Anti-Authority Non-Conformist – The Garrett Ashley Mullet Show
One of the consequences of being an honest non-conformist is that people who love standardization and so-called normalcy have their attention drawn to me, often with less-than-harmonious, happy effects.
I am not anti-authority, per se. But being a non-conformist who comes by it honestly on both my father’s and mother’s side, popular and typical ways of relating to authority are a puzzle to me.
When someone tells me to jump, I do not necessarily ask how high I should jump. Rather, the question which comes first to mind is whether this person actually in fact has the proper authority to be making this particular request in this particular situation.
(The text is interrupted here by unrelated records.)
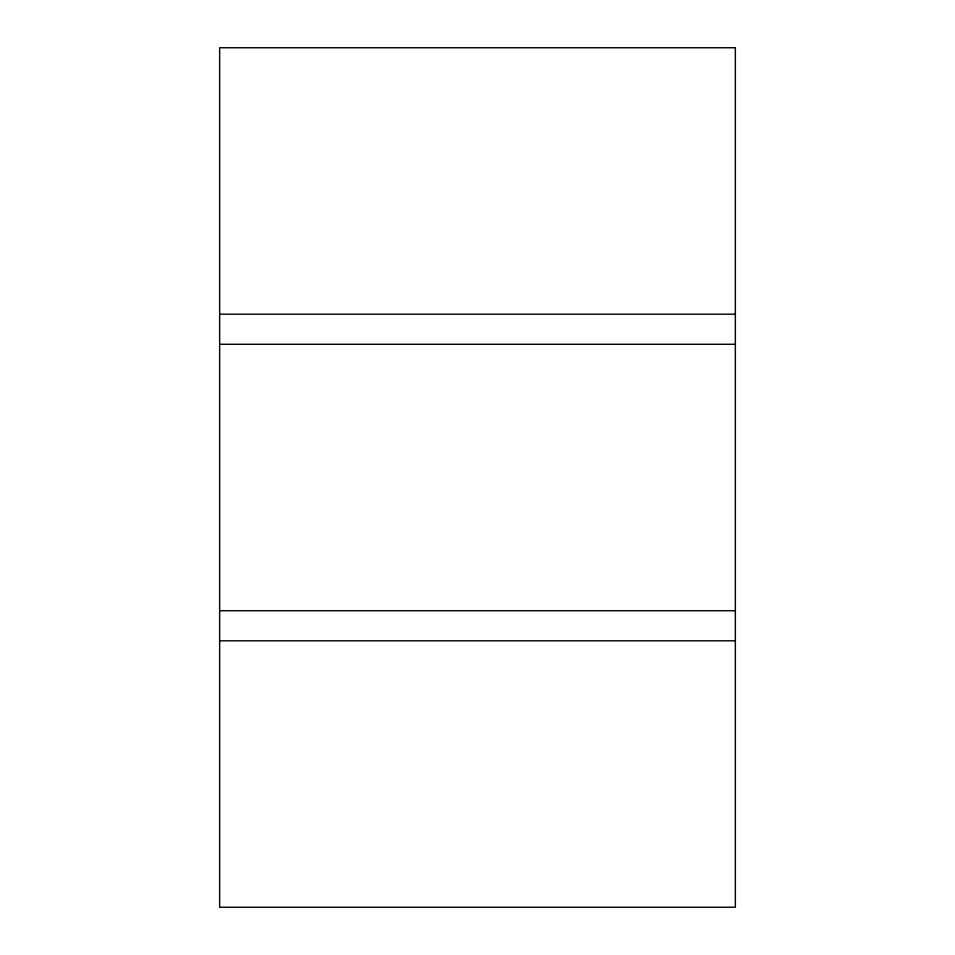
<?xml version="1.0" encoding="UTF-8"?>
<svg xmlns="http://www.w3.org/2000/svg" width="955" height="955" viewBox="0 0 955 955"><rect width="100%" height="100%" fill="white"/><g stroke="black" fill="none" stroke-linecap="round" stroke-linejoin="round"><path stroke-width="1.43" d="M219.65 314.195L735.35 314.195M219.65 344.277L735.35 344.277M219.65 610.723L735.35 610.723M219.65 640.805L735.35 640.805M735.35 47.75L219.65 47.75L219.65 907.25L735.35 907.25L735.35 47.75"/></g></svg>
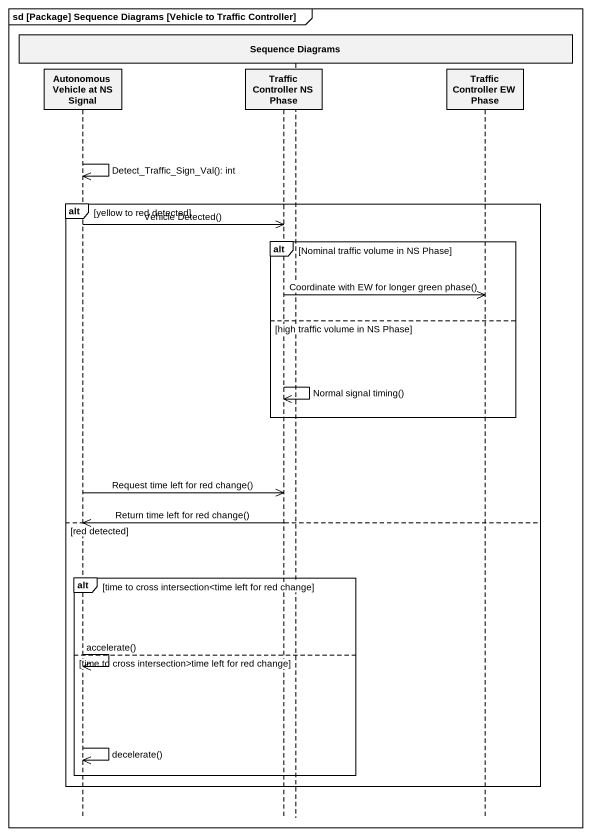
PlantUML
@startuml
mainframe sd [Package] Sequence Diagrams [Vehicle to Traffic Controller]
hide footbox
participant "Autonomous Vehicle at NS Signal" as Autonomous_Vehicle_at_NS
participant "Traffic Controller NS Phase" as Traffic_Controller_NS_Phase
participant "Sequence Diagrams" as Sequence_Diagrams
participant "Traffic Controller EW Phase" as Traffic_Controller_EW_Phase

Autonomous_Vehicle_at_NS ->> Autonomous_Vehicle_at_NS : Detect_Traffic_Sign_Val(): int
alt yellow to red detected
  Autonomous_Vehicle_at_NS ->> Traffic_Controller_NS_Phase : Vehicle Detected()
  alt Nominal traffic volume in NS Phase
    Traffic_Controller_NS_Phase ->> Traffic_Controller_EW_Phase : Coordinate with EW for longer green phase()
  else high traffic volume in NS Phase
    Traffic_Controller_NS_Phase ->> Traffic_Controller_NS_Phase : Normal signal timing()
  end
  Autonomous_Vehicle_at_NS ->> Traffic_Controller_NS_Phase : Request time left for red change()
else red detected
  Traffic_Controller_NS_Phase ->> Autonomous_Vehicle_at_NS : Return time left for red change()
  alt time to cross intersection<time left for red change
    Autonomous_Vehicle_at_NS ->> Autonomous_Vehicle_at_NS : accelerate()
  else time to cross intersection>time left for red change
    Autonomous_Vehicle_at_NS ->> Autonomous_Vehicle_at_NS : decelerate()
  end
end
@enduml

And if they do not, or if it is not clear that they do, the mere fact of raising the question is more often than not enough to produce conflict.
Growing up, my Dad especially impressed on me the importance of Romans 12:2, which says “...do not be conformed to this world, but be transformed by the renewing of your mind, so that you may prove what the will of God is, that which is good and acceptable and perfect.”
Now it is worth noting that the very next verse should contextualize. “For through the grace given to me I say to everyone among you not to think more highly of himself than he ought to think; but to think so as to have sound judgment, as God has allotted to each a measure of faith.”
Square Pegs, Round Holes
We must have humility even amidst our God-ordained non-conformity. Where this gets sticky is at precisely the point when non-conformity leads to pointed questions of just who do we think we are that we would dare to do things differently than others do them.
It is admittedly hard to answer that we are trying to maintain integrity and excellence whatever everyone else is doing without being accused of lacking humility. What is more, it is admittedly difficult to remain patient when the very fact of non-conformity, or of questioning conformity, is taken as proof that we are arrogant, stubborn, or rebellious.
Hear me now, then, and mark this well. Christians ought not to be rebels without a cause. Moreover, we ought not to be rebels at all. But it is easy to be mistaken for rebels when we question whether lower authorities are acting in accordance with higher precepts and principles derived from greater authorities.
Therein lies the rub. However much the larger body politic needs non-conformists to question why everyone is going about things in a certain way, the non-conformists are historically the ones who get the pointed questions first of where they get off doing things differently.
And when the cause of standardization and normalcy becomes an end unto itself, the clipping of wings and rounding off of square pegs follows close behind.